WORK INSTRUCTIONS —
The expected result is an exact restatement of the data, free of pictures.

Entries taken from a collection
══════
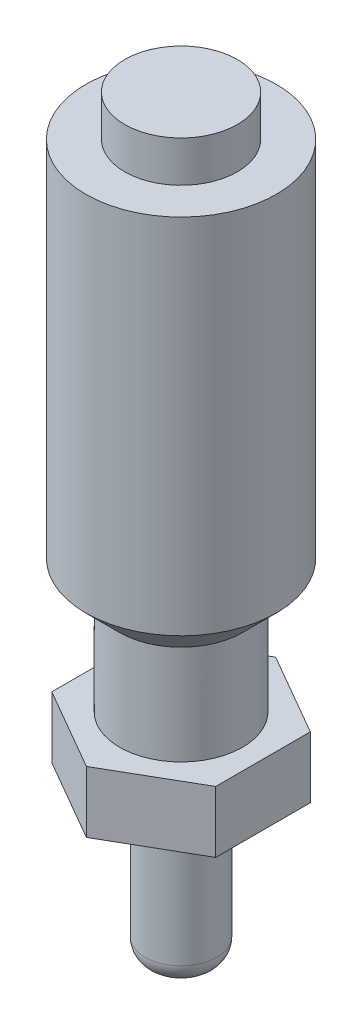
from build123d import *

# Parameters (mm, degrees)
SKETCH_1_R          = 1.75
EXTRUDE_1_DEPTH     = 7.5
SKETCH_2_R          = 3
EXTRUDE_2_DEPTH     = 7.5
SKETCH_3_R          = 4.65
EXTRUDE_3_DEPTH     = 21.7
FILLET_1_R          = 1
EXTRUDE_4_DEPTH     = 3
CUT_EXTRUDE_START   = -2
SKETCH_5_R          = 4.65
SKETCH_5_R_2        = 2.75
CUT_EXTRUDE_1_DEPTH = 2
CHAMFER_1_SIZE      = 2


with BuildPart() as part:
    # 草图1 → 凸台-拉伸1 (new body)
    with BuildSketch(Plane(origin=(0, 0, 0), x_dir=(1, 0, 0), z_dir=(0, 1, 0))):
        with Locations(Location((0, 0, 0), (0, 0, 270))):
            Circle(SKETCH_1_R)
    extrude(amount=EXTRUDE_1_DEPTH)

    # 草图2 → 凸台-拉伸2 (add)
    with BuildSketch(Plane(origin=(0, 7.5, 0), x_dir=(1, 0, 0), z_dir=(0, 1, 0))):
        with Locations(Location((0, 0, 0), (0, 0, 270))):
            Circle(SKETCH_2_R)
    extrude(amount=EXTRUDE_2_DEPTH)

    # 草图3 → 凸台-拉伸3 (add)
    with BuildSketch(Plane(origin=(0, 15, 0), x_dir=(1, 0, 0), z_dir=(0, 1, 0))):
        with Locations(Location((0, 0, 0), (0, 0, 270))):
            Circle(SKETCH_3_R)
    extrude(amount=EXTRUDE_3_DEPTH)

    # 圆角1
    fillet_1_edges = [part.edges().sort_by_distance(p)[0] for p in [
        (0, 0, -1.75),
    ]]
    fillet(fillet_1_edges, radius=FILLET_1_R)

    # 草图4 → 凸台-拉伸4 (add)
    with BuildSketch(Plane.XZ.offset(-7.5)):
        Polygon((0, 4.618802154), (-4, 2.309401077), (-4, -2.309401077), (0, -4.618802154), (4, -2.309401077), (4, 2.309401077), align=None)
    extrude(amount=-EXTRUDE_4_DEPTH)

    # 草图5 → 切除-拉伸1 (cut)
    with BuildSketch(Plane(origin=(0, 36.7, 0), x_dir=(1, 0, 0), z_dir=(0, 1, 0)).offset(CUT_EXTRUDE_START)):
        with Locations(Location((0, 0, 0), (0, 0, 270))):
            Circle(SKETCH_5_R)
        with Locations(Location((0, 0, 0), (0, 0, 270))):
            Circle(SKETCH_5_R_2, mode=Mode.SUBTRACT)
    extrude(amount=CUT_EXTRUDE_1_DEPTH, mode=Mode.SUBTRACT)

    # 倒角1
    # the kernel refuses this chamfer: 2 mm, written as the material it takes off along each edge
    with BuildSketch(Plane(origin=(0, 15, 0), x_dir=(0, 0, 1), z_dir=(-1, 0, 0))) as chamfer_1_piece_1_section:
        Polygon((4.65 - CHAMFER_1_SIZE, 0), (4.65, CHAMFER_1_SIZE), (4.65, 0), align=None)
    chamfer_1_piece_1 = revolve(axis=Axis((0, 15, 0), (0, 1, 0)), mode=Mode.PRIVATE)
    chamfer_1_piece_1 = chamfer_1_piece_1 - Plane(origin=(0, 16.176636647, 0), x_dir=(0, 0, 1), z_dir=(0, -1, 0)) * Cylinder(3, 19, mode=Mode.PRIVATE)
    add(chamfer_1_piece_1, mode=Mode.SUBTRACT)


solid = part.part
══════
FINAL ANSWER —
from build123d import *

# Parameters (mm, degrees)
SKETCH_1_R          = 1.75
EXTRUDE_1_DEPTH     = 7.5
SKETCH_2_R          = 3
EXTRUDE_2_DEPTH     = 7.5
SKETCH_3_R          = 4.65
EXTRUDE_3_DEPTH     = 21.7
FILLET_1_R          = 1
EXTRUDE_4_DEPTH     = 3
CUT_EXTRUDE_START   = -2
SKETCH_5_R          = 4.65
SKETCH_5_R_2        = 2.75
CUT_EXTRUDE_1_DEPTH = 2
CHAMFER_1_SIZE      = 2


with BuildPart() as part:
    # 草图1 → 凸台-拉伸1 (new body)
    with BuildSketch(Plane(origin=(0, 0, 0), x_dir=(1, 0, 0), z_dir=(0, 1, 0))):
        with Locations(Location((0, 0, 0), (0, 0, 270))):
            Circle(SKETCH_1_R)
    extrude(amount=EXTRUDE_1_DEPTH)

    # 草图2 → 凸台-拉伸2 (add)
    with BuildSketch(Plane(origin=(0, 7.5, 0), x_dir=(1, 0, 0), z_dir=(0, 1, 0))):
        with Locations(Location((0, 0, 0), (0, 0, 270))):
            Circle(SKETCH_2_R)
    extrude(amount=EXTRUDE_2_DEPTH)

    # 草图3 → 凸台-拉伸3 (add)
    with BuildSketch(Plane(origin=(0, 15, 0), x_dir=(1, 0, 0), z_dir=(0, 1, 0))):
        with Locations(Location((0, 0, 0), (0, 0, 270))):
            Circle(SKETCH_3_R)
    extrude(amount=EXTRUDE_3_DEPTH)

    # 圆角1
    fillet_1_edges = [part.edges().sort_by_distance(p)[0] for p in [
        (0, 0, -1.75),
    ]]
    fillet(fillet_1_edges, radius=FILLET_1_R)

    # 草图4 → 凸台-拉伸4 (add)
    with BuildSketch(Plane.XZ.offset(-7.5)):
        Polygon((0, 4.618802154), (-4, 2.309401077), (-4, -2.309401077), (0, -4.618802154), (4, -2.309401077), (4, 2.309401077), align=None)
    extrude(amount=-EXTRUDE_4_DEPTH)

    # 草图5 → 切除-拉伸1 (cut)
    with BuildSketch(Plane(origin=(0, 36.7, 0), x_dir=(1, 0, 0), z_dir=(0, 1, 0)).offset(CUT_EXTRUDE_START)):
        with Locations(Location((0, 0, 0), (0, 0, 270))):
            Circle(SKETCH_5_R)
        with Locations(Location((0, 0, 0), (0, 0, 270))):
            Circle(SKETCH_5_R_2, mode=Mode.SUBTRACT)
    extrude(amount=CUT_EXTRUDE_1_DEPTH, mode=Mode.SUBTRACT)

    # 倒角1
    # the kernel refuses this chamfer: 2 mm, written as the material it takes off along each edge
    with BuildSketch(Plane(origin=(0, 15, 0), x_dir=(0, 0, 1), z_dir=(-1, 0, 0))) as chamfer_1_piece_1_section:
        Polygon((4.65 - CHAMFER_1_SIZE, 0), (4.65, CHAMFER_1_SIZE), (4.65, 0), align=None)
    chamfer_1_piece_1 = revolve(axis=Axis((0, 15, 0), (0, 1, 0)), mode=Mode.PRIVATE)
    chamfer_1_piece_1 = chamfer_1_piece_1 - Plane(origin=(0, 16.176636647, 0), x_dir=(0, 0, 1), z_dir=(0, -1, 0)) * Cylinder(3, 19, mode=Mode.PRIVATE)
    add(chamfer_1_piece_1, mode=Mode.SUBTRACT)


solid = part.part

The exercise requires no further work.